[Source data]
+ + + +

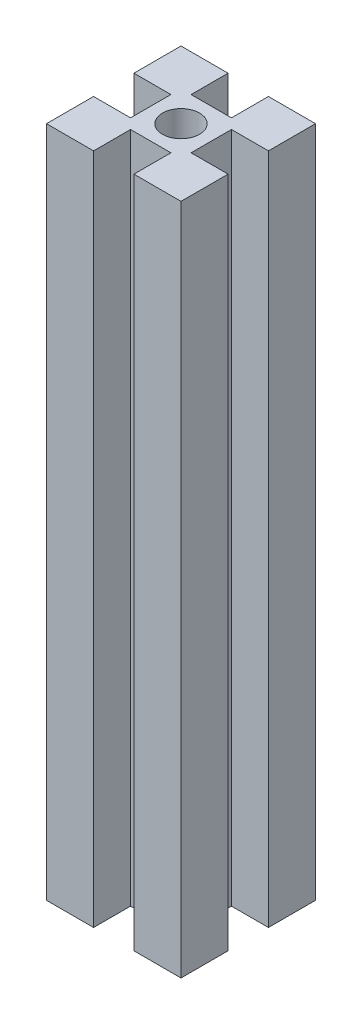
ISO-10303-21;
HEADER;
FILE_DESCRIPTION(('STEP AP214'),'2;1');
FILE_NAME('part.step','',(''),(''),'','','');
FILE_SCHEMA(('AUTOMOTIVE_DESIGN { 1 0 10303 214 1 1 1 1 }'));
ENDSEC;
DATA;
#1=APPLICATION_CONTEXT('core data for automotive mechanical design processes');
#2=APPLICATION_PROTOCOL_DEFINITION('international standard','automotive_design',2000,#1);
#3=PRODUCT_CONTEXT('',#1,'mechanical');
#4=PRODUCT('Part','Part','',(#3));
#5=PRODUCT_RELATED_PRODUCT_CATEGORY('part','',(#4));
#6=PRODUCT_DEFINITION_FORMATION('','',#4);
#7=PRODUCT_DEFINITION_CONTEXT('part definition',#1,'design');
#8=PRODUCT_DEFINITION('design','',#6,#7);
#9=PRODUCT_DEFINITION_SHAPE('','',#8);
#10=(LENGTH_UNIT() NAMED_UNIT(*) SI_UNIT(.MILLI.,.METRE.));
#11=(NAMED_UNIT(*) PLANE_ANGLE_UNIT() SI_UNIT($,.RADIAN.));
#12=(NAMED_UNIT(*) SI_UNIT($,.STERADIAN.) SOLID_ANGLE_UNIT());
#13=UNCERTAINTY_MEASURE_WITH_UNIT(LENGTH_MEASURE(1.E-05),#10,'distance_accuracy_value','');
#14=(GEOMETRIC_REPRESENTATION_CONTEXT(3) GLOBAL_UNCERTAINTY_ASSIGNED_CONTEXT((#13)) GLOBAL_UNIT_ASSIGNED_CONTEXT((#10,
#11,#12)) REPRESENTATION_CONTEXT('',''));
#15=CARTESIAN_POINT('',(0.,0.,0.));
#16=DIRECTION('',(0.,0.,1.));
#17=DIRECTION('',(1.,0.,0.));
#18=AXIS2_PLACEMENT_3D('',#15,#16,#17);
#19=CARTESIAN_POINT('',(-10.,100.,10.));
#20=DIRECTION('',(1.,0.,0.));
#21=DIRECTION('',(0.,0.,-1.));
#22=AXIS2_PLACEMENT_3D('',#19,#20,#21);
#23=PLANE('',#22);
#24=DIRECTION('',(0.,0.,1.));
#25=VECTOR('',#24,1.);
#26=CARTESIAN_POINT('',(-10.,100.,10.));
#27=LINE('',#26,#25);
#28=CARTESIAN_POINT('',(-10.,100.,3.));
#29=VERTEX_POINT('',#28);
#30=CARTESIAN_POINT('',(-10.,100.,10.));
#31=VERTEX_POINT('',#30);
#32=EDGE_CURVE('E294',#29,#31,#27,.T.);
#33=ORIENTED_EDGE('',*,*,#32,.F.);
#34=DIRECTION('',(0.,1.,0.));
#35=VECTOR('',#34,1.);
#36=CARTESIAN_POINT('',(-10.,0.,3.));
#37=LINE('',#36,#35);
#38=CARTESIAN_POINT('',(-10.,0.,3.));
#39=VERTEX_POINT('',#38);
#40=EDGE_CURVE('E202',#39,#29,#37,.T.);
#41=ORIENTED_EDGE('',*,*,#40,.F.);
#42=DIRECTION('',(0.,0.,1.));
#43=VECTOR('',#42,1.);
#44=CARTESIAN_POINT('',(-10.,0.,10.));
#45=LINE('',#44,#43);
#46=CARTESIAN_POINT('',(-10.,0.,10.));
#47=VERTEX_POINT('',#46);
#48=EDGE_CURVE('E287',#39,#47,#45,.T.);
#49=ORIENTED_EDGE('',*,*,#48,.T.);
#50=DIRECTION('',(0.,-1.,0.));
#51=VECTOR('',#50,1.);
#52=CARTESIAN_POINT('',(-10.,100.,10.));
#53=LINE('',#52,#51);
#54=EDGE_CURVE('E11',#31,#47,#53,.T.);
#55=ORIENTED_EDGE('',*,*,#54,.F.);
#56=EDGE_LOOP('',(#33,#41,#49,#55));
#57=FACE_BOUND('',#56,.T.);
#58=ADVANCED_FACE('F32',(#57),#23,.F.);
#59=CARTESIAN_POINT('',(10.,100.,10.));
#60=DIRECTION('',(0.,0.,-1.));
#61=DIRECTION('',(-1.,0.,0.));
#62=AXIS2_PLACEMENT_3D('',#59,#60,#61);
#63=PLANE('',#62);
#64=DIRECTION('',(1.,0.,0.));
#65=VECTOR('',#64,1.);
#66=CARTESIAN_POINT('',(10.,100.,10.));
#67=LINE('',#66,#65);
#68=CARTESIAN_POINT('',(3.,100.,10.));
#69=VERTEX_POINT('',#68);
#70=CARTESIAN_POINT('',(10.,100.,10.));
#71=VERTEX_POINT('',#70);
#72=EDGE_CURVE('E293',#69,#71,#67,.T.);
#73=ORIENTED_EDGE('',*,*,#72,.F.);
#74=DIRECTION('',(0.,1.,0.));
#75=VECTOR('',#74,1.);
#76=CARTESIAN_POINT('',(3.,0.,10.));
#77=LINE('',#76,#75);
#78=CARTESIAN_POINT('',(3.,0.,10.));
#79=VERTEX_POINT('',#78);
#80=EDGE_CURVE('E204',#79,#69,#77,.T.);
#81=ORIENTED_EDGE('',*,*,#80,.F.);
#82=DIRECTION('',(1.,0.,0.));
#83=VECTOR('',#82,1.);
#84=CARTESIAN_POINT('',(10.,0.,10.));
#85=LINE('',#84,#83);
#86=CARTESIAN_POINT('',(10.,0.,10.));
#87=VERTEX_POINT('',#86);
#88=EDGE_CURVE('E194',#79,#87,#85,.T.);
#89=ORIENTED_EDGE('',*,*,#88,.T.);
#90=DIRECTION('',(0.,-1.,0.));
#91=VECTOR('',#90,1.);
#92=CARTESIAN_POINT('',(10.,100.,10.));
#93=LINE('',#92,#91);
#94=EDGE_CURVE('E40',#71,#87,#93,.T.);
#95=ORIENTED_EDGE('',*,*,#94,.F.);
#96=EDGE_LOOP('',(#73,#81,#89,#95));
#97=FACE_BOUND('',#96,.T.);
#98=ADVANCED_FACE('F343',(#97),#63,.F.);
#99=CARTESIAN_POINT('',(10.,100.,10.));
#100=DIRECTION('',(-1.,0.,0.));
#101=DIRECTION('',(0.,0.,1.));
#102=AXIS2_PLACEMENT_3D('',#99,#100,#101);
#103=PLANE('',#102);
#104=DIRECTION('',(0.,0.,-1.));
#105=VECTOR('',#104,1.);
#106=CARTESIAN_POINT('',(10.,100.,10.));
#107=LINE('',#106,#105);
#108=CARTESIAN_POINT('',(10.,100.,-3.));
#109=VERTEX_POINT('',#108);
#110=CARTESIAN_POINT('',(10.,100.,-10.));
#111=VERTEX_POINT('',#110);
#112=EDGE_CURVE('E298',#109,#111,#107,.T.);
#113=ORIENTED_EDGE('',*,*,#112,.F.);
#114=DIRECTION('',(0.,1.,0.));
#115=VECTOR('',#114,1.);
#116=CARTESIAN_POINT('',(10.,0.,-3.));
#117=LINE('',#116,#115);
#118=CARTESIAN_POINT('',(10.,0.,-3.));
#119=VERTEX_POINT('',#118);
#120=EDGE_CURVE('E249',#119,#109,#117,.T.);
#121=ORIENTED_EDGE('',*,*,#120,.F.);
#122=DIRECTION('',(0.,0.,-1.));
#123=VECTOR('',#122,1.);
#124=CARTESIAN_POINT('',(10.,0.,10.));
#125=LINE('',#124,#123);
#126=CARTESIAN_POINT('',(10.,0.,-10.));
#127=VERTEX_POINT('',#126);
#128=EDGE_CURVE('E313',#119,#127,#125,.T.);
#129=ORIENTED_EDGE('',*,*,#128,.T.);
#130=DIRECTION('',(0.,-1.,0.));
#131=VECTOR('',#130,1.);
#132=CARTESIAN_POINT('',(10.,100.,-10.));
#133=LINE('',#132,#131);
#134=EDGE_CURVE('E323',#111,#127,#133,.T.);
#135=ORIENTED_EDGE('',*,*,#134,.F.);
#136=EDGE_LOOP('',(#113,#121,#129,#135));
#137=FACE_BOUND('',#136,.T.);
#138=ADVANCED_FACE('F345',(#137),#103,.F.);
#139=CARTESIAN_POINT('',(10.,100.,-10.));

+ + + +

**What is needed**
Once the line containing "#40=EDGE_CURVE('E202',#39,#29,#37,.T.);" has been located, transcribe exactly and only every line from the first line of the entries through it, excluding pictures.

**Solution to this task**
ISO-10303-21;
HEADER;
FILE_DESCRIPTION(('STEP AP214'),'2;1');
FILE_NAME('part.step','',(''),(''),'','','');
FILE_SCHEMA(('AUTOMOTIVE_DESIGN { 1 0 10303 214 1 1 1 1 }'));
ENDSEC;
DATA;
#1=APPLICATION_CONTEXT('core data for automotive mechanical design processes');
#2=APPLICATION_PROTOCOL_DEFINITION('international standard','automotive_design',2000,#1);
#3=PRODUCT_CONTEXT('',#1,'mechanical');
#4=PRODUCT('Part','Part','',(#3));
#5=PRODUCT_RELATED_PRODUCT_CATEGORY('part','',(#4));
#6=PRODUCT_DEFINITION_FORMATION('','',#4);
#7=PRODUCT_DEFINITION_CONTEXT('part definition',#1,'design');
#8=PRODUCT_DEFINITION('design','',#6,#7);
#9=PRODUCT_DEFINITION_SHAPE('','',#8);
#10=(LENGTH_UNIT() NAMED_UNIT(*) SI_UNIT(.MILLI.,.METRE.));
#11=(NAMED_UNIT(*) PLANE_ANGLE_UNIT() SI_UNIT($,.RADIAN.));
#12=(NAMED_UNIT(*) SI_UNIT($,.STERADIAN.) SOLID_ANGLE_UNIT());
#13=UNCERTAINTY_MEASURE_WITH_UNIT(LENGTH_MEASURE(1.E-05),#10,'distance_accuracy_value','');
#14=(GEOMETRIC_REPRESENTATION_CONTEXT(3) GLOBAL_UNCERTAINTY_ASSIGNED_CONTEXT((#13)) GLOBAL_UNIT_ASSIGNED_CONTEXT((#10,
#11,#12)) REPRESENTATION_CONTEXT('',''));
#15=CARTESIAN_POINT('',(0.,0.,0.));
#16=DIRECTION('',(0.,0.,1.));
#17=DIRECTION('',(1.,0.,0.));
#18=AXIS2_PLACEMENT_3D('',#15,#16,#17);
#19=CARTESIAN_POINT('',(-10.,100.,10.));
#20=DIRECTION('',(1.,0.,0.));
#21=DIRECTION('',(0.,0.,-1.));
#22=AXIS2_PLACEMENT_3D('',#19,#20,#21);
#23=PLANE('',#22);
#24=DIRECTION('',(0.,0.,1.));
#25=VECTOR('',#24,1.);
#26=CARTESIAN_POINT('',(-10.,100.,10.));
#27=LINE('',#26,#25);
#28=CARTESIAN_POINT('',(-10.,100.,3.));
#29=VERTEX_POINT('',#28);
#30=CARTESIAN_POINT('',(-10.,100.,10.));
#31=VERTEX_POINT('',#30);
#32=EDGE_CURVE('E294',#29,#31,#27,.T.);
#33=ORIENTED_EDGE('',*,*,#32,.F.);
#34=DIRECTION('',(0.,1.,0.));
#35=VECTOR('',#34,1.);
#36=CARTESIAN_POINT('',(-10.,0.,3.));
#37=LINE('',#36,#35);
#38=CARTESIAN_POINT('',(-10.,0.,3.));
#39=VERTEX_POINT('',#38);
#40=EDGE_CURVE('E202',#39,#29,#37,.T.);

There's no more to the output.